DJ534 commented 3 years ago

Hi, I am using xlnt on ubuntu 20.04 with letters with accents without any problems - I am reading and writing names in czech languague. I am reading documents created in windows in MS Office. They include these characters: ěščřžýáíéůú (I do not know, if they display correctly to you).

fmdn commented 3 years ago

Thank you for your reply, I have something like this "Enseignement général" while i read this "Enseignement général"

DJ534 commented 3 years ago

I am not a specialist on encoding at all. But I will try to make my best guess here. If you just read data and send them on the standard output and get the character mismatch, your OS probably uses different encoding then the data in the xlsx file. The compiler uses its own encoding as well. Unfortunatelly, I do not know, how this comes exactly into play.
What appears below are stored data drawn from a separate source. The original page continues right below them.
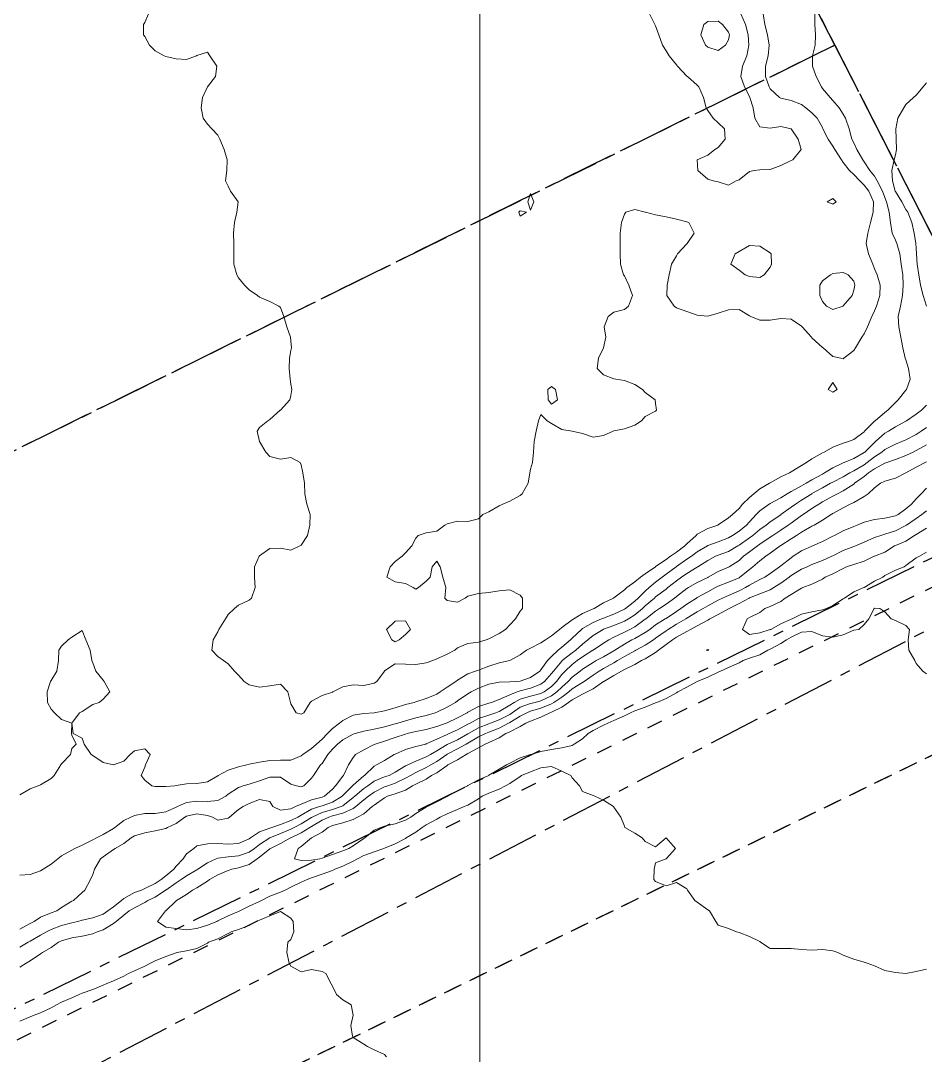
# Model space of a CAD drawing. Header units: centimetres. Extents: x 0 to 642158, y -847 to 649707.
# Drawn here: x 617344.79 to 617388.19, y 620631.33 to 620680.93 of the extents above; entities that cross this region are included whole.
import ezdxf

# ---------------------------------------------------------------- set-up
doc = ezdxf.new("R2010")
doc.units = ezdxf.units.CM
doc.header["$MEASUREMENT"] = 0
doc.linetypes.add('CENTERX2', pattern=[4, 2.5, -0.5, 0.5, -0.5])
doc.linetypes.add('JIS_02_0.7', pattern=[1.35, 0.75, -0.6])
for name, color, linetype, lineweight in [('MEV_grille', 254, 'Continuous', 9), ('WAL_parcellaire agricole', 7, 'JIS_02_0.7', 25), ('WAL_topographie 0.5', 253, 'Continuous', 20)]:
    doc.layers.add(name, color=color, linetype=linetype, lineweight=lineweight)
doc.layers.add('SPW_parcellaire cadastral', color=7, linetype='CENTERX2', lineweight=25, true_color=0xff0542)

# ---------------------------------------------------------------- blocks, each defined once
blk = doc.blocks.new('*U112')
at = {"layer": 'MEV_grille', "transparency": 33554687}
blk.add_lwpolyline([(0, 1825.476), (0, -1825.476)], dxfattribs=at)
blk = doc.blocks.new('*U113')
at = {"layer": 'MEV_grille', "color": 0, "linetype": 'ByBlock', "lineweight": -2, "transparency": 16777216}
blk.add_blockref('*U112', (2000, 0), dxfattribs=at)

msp = doc.modelspace()

# ---------------------------------------------------------------- linework, layer by layer
at = {"layer": 'SPW_parcellaire cadastral'}
for points in [[(617230.744, 620712.405), (617238.37, 620716.158), (617240.745, 620724.014), (617272.508, 620739.643), (617282.123, 620767.668), (617243.448, 620846.11), (617250.741, 620849.649), (617288.255, 620775.589), (617294.476, 620769.289), (617304.386, 620763.201), (617310.193, 620758.188), (617336.661, 620771.212), (617359.081, 620730.17), (617357.925, 620729.905), (617383.852, 620679.762), (617287.666, 620632.245), (617278.015, 620641.677), (617259.392, 620657.765), (617254.096, 620663.041), (617248.455, 620670.977), (617243.126, 620681.472), (617230.744, 620712.405)], [(617404.956, 620754.186), (617418.115, 620733.491), (617443.362, 620692.406), (617447.371, 620685.97), (617394.811, 620658.271), (617393.447, 620660.945), (617383.852, 620679.762), (617357.925, 620729.905), (617359.081, 620730.17), (617404.956, 620754.186)], [(617460.602, 620389.063), (617403.797, 620447.392), (617307.032, 620609.235), (617461.462, 620689.988)], [(617394.811, 620658.271), (617305.111, 620614.22), (617296.66, 620623.882), (617287.666, 620632.245), (617383.852, 620679.762), (617393.447, 620660.945), (617394.811, 620658.271)]]:
    msp.add_lwpolyline(points, dxfattribs=at)
at = {"layer": 'WAL_parcellaire agricole'}
for points in [[(617309.438, 620607.195), (617305.901, 620612.93), (617403.769, 620661.316), (617465.14, 620690.573), (617468.944, 620684.892), (617309.438, 620607.195)], [(617433.096, 620366.614), (617410.173, 620419.069), (617401.171, 620440.192), (617383.167, 620474.94), (617355.661, 620521.186), (617334.032, 620558.809), (617324.53, 620577.932), (617310.527, 620605.43), (617309.438, 620607.195), (617468.944, 620684.892)]]:
    msp.add_lwpolyline(points, dxfattribs=at)
at = {"layer": 'WAL_topographie 0.5'}
for points in [[(617382.886, 620681.25), (617382.89, 620680.75), (617382.916, 620680.25), (617382.897, 620679.75), (617382.78, 620679.25), (617382.775, 620678.75), (617382.946, 620678.25), (617383.203, 620677.75), (617383.25, 620677.683), (617383.62, 620677.25), (617383.75, 620677.102), (617384.049, 620676.75), (617384.25, 620676.452), (617384.364, 620676.25), (617384.531, 620675.75), (617384.667, 620675.25), (617384.75, 620675.068), (617384.899, 620674.75), (617385.185, 620674.25), (617385.25, 620674.163), (617385.526, 620673.75), (617385.75, 620673.47), (617385.883, 620673.25), (617386.136, 620672.75), (617386.25, 620672.451), (617386.332, 620672.25), (617386.455, 620671.75), (617386.51, 620671.25), (617386.597, 620670.75), (617386.75, 620670.412), (617386.82, 620670.25), (617386.963, 620669.75), (617387.029, 620669.25), (617387.103, 620668.75), (617387.128, 620668.25), (617387.087, 620667.75), (617386.988, 620667.25), (617386.89, 620666.75), (617386.917, 620666.25), (617387.005, 620665.75), (617387.104, 620665.25), (617387.227, 620664.75), (617387.25, 620664.674), (617387.375, 620664.25), (617387.456, 620663.75), (617387.279, 620663.25), (617387.25, 620663.211), (617386.885, 620662.75), (617386.75, 620662.621), (617386.388, 620662.25), (617386.25, 620662.151), (617385.782, 620661.75), (617385.75, 620661.723), (617385.275, 620661.25), (617385.25, 620661.223), (617384.75, 620660.847), (617384.507, 620660.75), (617384.25, 620660.67), (617383.75, 620660.49), (617383.329, 620660.25), (617383.25, 620660.208), (617382.75, 620659.921), (617382.492, 620659.75), (617382.25, 620659.606), (617381.75, 620659.295), (617381.665, 620659.25), (617381.25, 620659.06), (617380.75, 620658.777), (617380.713, 620658.75), (617380.25, 620658.493), (617379.958, 620658.25), (617379.75, 620658.076), (617379.421, 620657.75), (617379.25, 620657.548), (617378.935, 620657.25), (617378.75, 620657.092), (617378.25, 620656.756), (617378.239, 620656.75), (617377.75, 620656.578), (617377.25, 620656.309), (617377.195, 620656.25), (617376.75, 620655.851), (617376.656, 620655.75), (617376.25, 620655.447), (617375.971, 620655.25), (617375.75, 620655.104), (617375.25, 620654.757), (617375.241, 620654.75), (617374.75, 620654.413), (617374.52, 620654.25), (617374.25, 620654.032), (617373.877, 620653.75), (617373.75, 620653.645), (617373.25, 620653.268), (617373.229, 620653.25), (617372.75, 620653.018), (617372.31, 620652.75), (617372.25, 620652.728), (617371.75, 620652.508), (617371.332, 620652.25), (617371.25, 620652.201), (617370.75, 620651.842), (617370.632, 620651.75), (617370.25, 620651.431), (617369.966, 620651.25), (617369.75, 620651.104), (617369.25, 620650.841), (617369.058, 620650.75), (617368.75, 620650.532), (617368.25, 620650.25), (617368.25, 620650.25), (617367.75, 620650.137), (617367.25, 620649.987), (617366.75, 620649.798), (617366.618, 620649.75), (617366.25, 620649.62), (617365.75, 620649.311), (617365.662, 620649.25), (617365.25, 620648.97), (617364.922, 620648.75), (617364.75, 620648.649), (617364.25, 620648.432), (617363.75, 620648.277), (617363.675, 620648.25), (617363.25, 620648.145), (617362.75, 620647.989), (617362.25, 620647.844), (617361.757, 620647.75), (617361.75, 620647.749), (617361.25, 620647.716), (617360.75, 620647.631), (617360.25, 620647.387), (617360.08, 620647.25), (617359.75, 620646.994), (617359.508, 620646.75), (617359.25, 620646.482), (617358.991, 620646.25), (617358.75, 620646.039), (617358.33, 620645.75), (617358.25, 620645.687), (617357.75, 620645.476), (617357.25, 620645.481), (617356.75, 620645.465), (617356.25, 620645.383), (617355.75, 620645.281), (617355.647, 620645.25), (617355.25, 620645.161), (617354.75, 620644.997), (617354.275, 620644.75), (617354.25, 620644.733), (617353.75, 620644.446), (617353.25, 620644.364), (617352.75, 620644.341), (617352.25, 620644.258), (617352.187, 620644.25), (617351.75, 620644.215), (617351.25, 620644.215), (617351.078, 620644.25), (617350.75, 620644.519), (617350.577, 620644.75), (617350.75, 620645.141), (617350.789, 620645.25), (617351, 620645.75), (617350.75, 620646.028), (617350.25, 620645.922), (617350.044, 620645.75), (617349.75, 620645.424), (617349.25, 620645.25), (617349.25, 620645.25), (617349.25, 620645.25), (617348.75, 620645.36), (617348.25, 620645.697), (617348.172, 620645.75), (617347.837, 620646.25), (617347.75, 620646.531), (617347.312, 620646.75), (617347.25, 620647.249), (617347.239, 620646.75), (617347.25, 620646.678), (617347.45, 620646.25), (617347.25, 620646.036), (617347.182, 620645.75), (617346.75, 620645.303), (617346.719, 620645.25), (617346.406, 620644.75), (617346.25, 620644.605), (617345.75, 620644.297), (617345.638, 620644.25), (617345.25, 620644.096), (617344.75, 620643.811)], [(617380.406, 620681.25), (617380.49, 620680.75), (617380.615, 620680.25), (617380.7, 620679.75), (617380.644, 620679.25), (617380.52, 620678.75), (617380.52, 620678.25), (617380.704, 620677.75), (617380.75, 620677.668), (617381.186, 620677.25), (617381.25, 620677.21), (617381.75, 620677.095), (617382.25, 620676.911), (617382.448, 620676.75), (617382.75, 620676.517), (617382.993, 620676.25), (617383.25, 620675.802), (617383.278, 620675.75), (617383.529, 620675.25), (617383.75, 620674.916), (617383.842, 620674.75), (617384.165, 620674.25), (617384.25, 620674.132), (617384.55, 620673.75), (617384.75, 620673.55), (617385.039, 620673.25), (617385.25, 620673.05), (617385.479, 620672.75), (617385.697, 620672.25), (617385.686, 620671.75), (617385.559, 620671.25), (617385.429, 620670.75), (617385.349, 620670.25), (617385.456, 620669.75), (617385.664, 620669.25), (617385.75, 620669.037), (617385.877, 620668.75), (617386.026, 620668.25), (617386.007, 620667.75), (617385.838, 620667.25), (617385.75, 620667.013), (617385.627, 620666.75), (617385.409, 620666.25), (617385.25, 620665.917), (617385.14, 620665.75), (617384.842, 620665.25), (617384.75, 620665.114), (617384.274, 620664.75), (617384.25, 620664.712), (617384.132, 620664.75), (617383.75, 620664.836), (617383.287, 620665.25), (617383.25, 620665.268), (617382.75, 620665.724), (617382.732, 620665.75), (617382.281, 620666.25), (617382.25, 620666.284), (617381.75, 620666.626), (617381.25, 620666.645), (617380.75, 620666.578), (617380.25, 620666.573), (617379.812, 620666.75), (617379.75, 620666.785), (617379.25, 620667.076), (617378.75, 620667.074), (617378.25, 620666.9), (617377.75, 620666.765), (617377.25, 620666.814), (617376.75, 620666.992), (617376.25, 620667.17), (617376.133, 620667.25), (617375.784, 620667.75), (617375.804, 620668.25), (617375.892, 620668.75), (617376.009, 620669.25), (617376.25, 620669.66), (617376.294, 620669.75), (617376.75, 620670.231), (617376.768, 620670.25), (617377.099, 620670.75), (617376.836, 620671.25), (617376.75, 620671.284), (617376.25, 620671.412), (617375.75, 620671.532), (617375.25, 620671.616), (617374.765, 620671.75), (617374.75, 620671.755), (617374.25, 620671.879), (617373.829, 620671.75), (617373.75, 620671.656), (617373.617, 620671.25), (617373.548, 620670.75), (617373.542, 620670.25), (617373.542, 620669.75), (617373.569, 620669.25), (617373.712, 620668.75), (617373.75, 620668.69), (617373.97, 620668.25), (617374.135, 620667.75), (617373.95, 620667.25), (617373.75, 620667.08), (617373.25, 620666.955), (617372.976, 620666.75), (617372.785, 620666.25), (617372.866, 620665.75), (617372.75, 620665.25), (617372.75, 620665.25), (617372.517, 620664.75), (617372.454, 620664.25), (617372.75, 620663.954), (617373.25, 620663.767), (617373.341, 620663.75), (617373.75, 620663.679), (617374.25, 620663.488), (617374.62, 620663.25), (617374.75, 620663.11), (617375.224, 620662.75), (617375.25, 620662.583), (617375.296, 620662.25), (617375.25, 620662.206), (617374.75, 620661.954), (617374.567, 620661.75), (617374.25, 620661.534), (617373.75, 620661.356), (617373.25, 620661.263), (617373.214, 620661.25), (617372.75, 620661.05), (617372.25, 620660.964), (617371.75, 620661.144), (617371.25, 620661.25), (617371.25, 620661.25), (617370.75, 620661.333), (617370.25, 620661.617), (617370.04, 620661.75), (617369.75, 620662.055), (617369.635, 620661.75), (617369.52, 620661.25), (617369.424, 620660.75), (617369.395, 620660.25), (617369.338, 620659.75), (617369.25, 620659.432), (617369.224, 620659.25), (617369.139, 620658.75), (617368.85, 620658.25), (617368.75, 620658.17), (617368.25, 620657.895), (617367.927, 620657.75), (617367.75, 620657.672), (617367.25, 620657.382), (617366.969, 620657.25), (617366.75, 620657.046), (617366.25, 620656.917), (617365.75, 620656.935), (617365.25, 620656.81), (617365.136, 620656.75), (617364.75, 620656.457), (617364.25, 620656.372), (617363.865, 620656.25), (617363.75, 620656.114), (617363.559, 620655.75), (617363.25, 620655.425), (617363.091, 620655.25), (617362.75, 620655.008), (617362.515, 620654.75), (617362.364, 620654.25), (617362.75, 620654.026), (617363.25, 620653.94), (617363.617, 620653.75), (617363.75, 620653.67), (617363.883, 620653.75), (617364.25, 620654.056), (617364.434, 620654.25), (617364.536, 620654.75), (617364.75, 620655.023), (617364.908, 620654.75), (617365.036, 620654.25), (617365.185, 620653.75), (617365.135, 620653.25), (617365.25, 620653.128), (617365.75, 620653.045), (617366.109, 620653.25), (617366.25, 620653.346), (617366.75, 620653.464), (617367.25, 620653.509), (617367.75, 620653.599), (617368.25, 620653.642), (617368.75, 620653.39), (617368.867, 620653.25), (617368.857, 620652.75), (617368.75, 620652.625), (617368.532, 620652.25), (617368.25, 620651.97), (617368.057, 620651.75), (617367.75, 620651.553), (617367.25, 620651.29), (617367.121, 620651.25), (617366.75, 620651.137), (617366.25, 620651.078), (617365.75, 620650.863), (617365.614, 620650.75), (617365.25, 620650.561), (617364.75, 620650.335), (617364.564, 620650.25), (617364.25, 620650.146), (617363.75, 620650.064), (617363.25, 620650.083), (617362.75, 620650.098), (617362.25, 620649.756), (617362.246, 620649.75), (617361.875, 620649.25), (617361.75, 620649.163), (617361.25, 620649.062), (617360.75, 620649.082), (617360.25, 620648.994), (617359.775, 620648.75), (617359.75, 620648.738), (617359.25, 620648.582), (617358.75, 620648.3), (617358.677, 620648.25), (617358.37, 620647.75), (617358.25, 620647.676), (617358.011, 620647.75), (617357.75, 620648.179), (617357.736, 620648.25), (617357.608, 620648.75), (617357.25, 620649.125), (617356.75, 620649.044), (617356.25, 620648.98), (617355.75, 620649.095), (617355.51, 620649.25), (617355.25, 620649.545), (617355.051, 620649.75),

Here, I found something, that can be usefull to you: https://stackoverflow.com/questions/45194771/are-xlsx-files-utf-8-encoded-by-definition

So, try to check the xlsx document encoding and the system encoding first. If there is a mismatch, there are some libraries performing conversions. Like qt for example

https://doc.qt.io/archives/qtjambi-4.5.2_01/com/trolltech/qt/core/QTextCodec.html

EDIT: I have been playing with the example, that you provided, for a while and figured out, that most probably the mismatch occurs between Windows-1252 encoding and UTF-8 encoding. So, I suspect your xlsx file to be in UTF-8 encoding and system with Windows-1252 encoding. Are you running windows?

fmdn commented 3 years ago

Thank you, You are right, my file was wroten with UTF-8 but the string i use use is Latin1.